Top of EXTRACTED ENTRIES
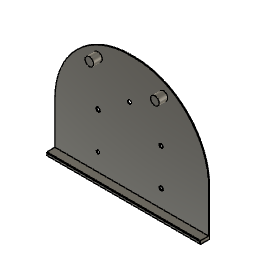
Temiholder v4 v7 (Autodesk Fusion 360 design; units mm, degrees)
Autodesk Fusion 360 part; units mm, degrees
sketch "Sketch1" plane through (0, 0, 0) normal (0, 1, 0) x (1, 0, 0)
  line L0 (-55, -60) -> (213, -60)
  line L1 (213, -60) -> (213, 150)
  line L2 (213, 150) -> (-55, 150)
  line L3 (-55, 150) -> (-55, -60)
  dimension "d1" = 268
  dimension "d2" = 210
  constraint horizontal L0
  constraint vertical L1
  constraint horizontal L2
  constraint vertical L3
  measures "d1" distance of L0.start L0.end
  measures "d2" distance of L0.start L2.end
extrude "Extrude1" add sketch "Sketch1" along normal blind 1.5 contours L0 L1 L2 L3 picked at (34.333333, 80)
fillet "Fillet2" radius 130 2 edges at (-55, 0.75, 60) (213, 0.75, 60)
sketch "Sketch3" plane through (0, 0, 0) normal (0, -1, 0) x (1, 0, 0)
  arc A0 (213, -70) -> (83, 60) centre (83, -70) ccw
  line L0 (83, 60) -> (75, 60)
  arc A1 (75, 60) -> (-55, -70) centre (75, -70) ccw
  line L1 (-55, -70) -> (-55, -150)
  line L2 (-55, -150) -> (213, -150)
  line L3 (213, -150) -> (213, -70)
  circle A2 centre (20, -50) radius 3.5
  circle A3 centre (130, -50) radius 3.5
  circle A4 centre (20, -114) radius 3.5
  circle A5 centre (130, -114) radius 3.5
  circle A6 centre (75, -11) radius 3.5
  circle A7 centre (20, 30) radius 7.5
  circle A8 centre (134.268742, 28.05335) radius 7.5
  line L4 (213, -150) -> (-55, -150)
  line L5 (-55, -150) -> (-55, -144.382832)
  line L6 (-55, -144.382832) -> (213, -144.382832)
  line L7 (213, -144.382832) -> (213, -150)
  point P0 (75, -70)
  dimension "d9" = 7
  dimension "d10" = 7
  dimension "d12" = 7
  dimension "d13" = 7
  dimension "d14" = 64
  dimension "d15" = 64
  dimension "d16" = 55
  dimension "d18" = 7
  dimension "d19" = 59
  dimension "d20" = 15
  dimension "d21" = 15
  dimension "d33" = 59.268742
  dimension "d34" = 114.268742
  dimension "d35" = 55
  dimension "d36" = 178.05335
  constraint coincident P0 A1.centre
  constraint horizontal L4
  constraint vertical L5
  constraint horizontal L6
  constraint vertical L7
  constraint coincident L2.end L3.start
  measures "d9" diameter of A2
  measures "d10" diameter of A3
  measures "d12" diameter of A4
  measures "d13" diameter of A5
  measures "d14" distance of A2.centre A4.centre
  measures "d15" distance of A3.centre A5.centre
  measures "d16" horizontal distance of A2.centre P0
  measures "d18" diameter of A6
  measures "d19" distance of P0 A6.centre
  measures "d20" diameter of A7
  measures "d21" diameter of A8
  measures "d35" horizontal distance of P0 A7.centre
extrude "Extrude2" add sketch "Sketch3" along normal blind 15 contours A7 | A8 picked at (21.558725, 31.954579) picked at (135.827467, 29.499635)
extrude "Extrude3" cut sketch "Sketch3" against normal blind 30 contours A2 | A3 | A4 | A5 | A6 picked at (19.242296, -48.989637) picked at (130.766206, -48.5701) picked at (21.525746, -114.946576) picked at (128.923966, -113.826117) picked at (76.114835, -11.343881)
thread "Thread1" "ISO Metric profile 7.0 M7x1 6H" major diameter 7.1472 minor diameter 6.0355 pitch 1 angle 60 modelled right hand crest width 0.274833 on face at (23.482608, 0.5, -50.348487) crest through (23.01775, 0.25, -50)
thread "Thread2" "ISO Metric profile 7.0 M7x1 6H" major diameter 7.1472 minor diameter 6.0355 pitch 1 angle 60 modelled right hand crest width 0.274833 on face at (133.225167, 1, -48.640478) crest through (133.01775, 0.25, -50)
thread "Thread3" "ISO Metric profile 7.0 M7x1 6H" major diameter 7.1472 minor diameter 6.0355 pitch 1 angle 60 resizes the face on face at (16.926224, 1, -115.673889)
thread "Thread4" "ISO Metric profile 7.0 M7x1 6H" major diameter 7.1472 minor diameter 6.0355 pitch 1 angle 60 modelled right hand crest width 0.274833 on face at (132.443829, 0.5, -111.494466) crest through (133.01775, 0.25, -114)
extrude "Extrude5" add sketch "Sketch3" along normal blind 15 contours L1 L2 L3 L4 L5 L6 L7 picked at (123.666667, -146.255221)
fillet "Fillet3" radius 1 4 edges at (213, -15, -147.191416) (79, -15, -144.382832) (79, -15, -150) (-55, -15, -147.191416)
ref_plane "WorkPlane1" through (0, -25, 0) normal (0, 1, 0) x (0, 0, 1)
Bottom of EXTRACTED ENTRIES
PROBLEM DESCRIPTION ▸ For this task, write out exactly the lines of the entries above, starting at the line with "circle A2 centre (20, -50) radius 3.5" and ending at the line with "diameter of A5", both included, and no others.

COMPLETED TASK ▸
  circle A2 centre (20, -50) radius 3.5
  circle A3 centre (130, -50) radius 3.5
  circle A4 centre (20, -114) radius 3.5
  circle A5 centre (130, -114) radius 3.5
  circle A6 centre (75, -11) radius 3.5
  circle A7 centre (20, 30) radius 7.5
  circle A8 centre (134.268742, 28.05335) radius 7.5
  line L4 (213, -150) -> (-55, -150)
  line L5 (-55, -150) -> (-55, -144.382832)
  line L6 (-55, -144.382832) -> (213, -144.382832)
  line L7 (213, -144.382832) -> (213, -150)
  point P0 (75, -70)
  dimension "d9" = 7
  dimension "d10" = 7
  dimension "d12" = 7
  dimension "d13" = 7
  dimension "d14" = 64
  dimension "d15" = 64
  dimension "d16" = 55
  dimension "d18" = 7
  dimension "d19" = 59
  dimension "d20" = 15
  dimension "d21" = 15
  dimension "d33" = 59.268742
  dimension "d34" = 114.268742
  dimension "d35" = 55
  dimension "d36" = 178.05335
  constraint coincident P0 A1.centre
  constraint horizontal L4
  constraint vertical L5
  constraint horizontal L6
  constraint vertical L7
  constraint coincident L2.end L3.start
  measures "d9" diameter of A2
  measures "d10" diameter of A3
  measures "d12" diameter of A4
  measures "d13" diameter of A5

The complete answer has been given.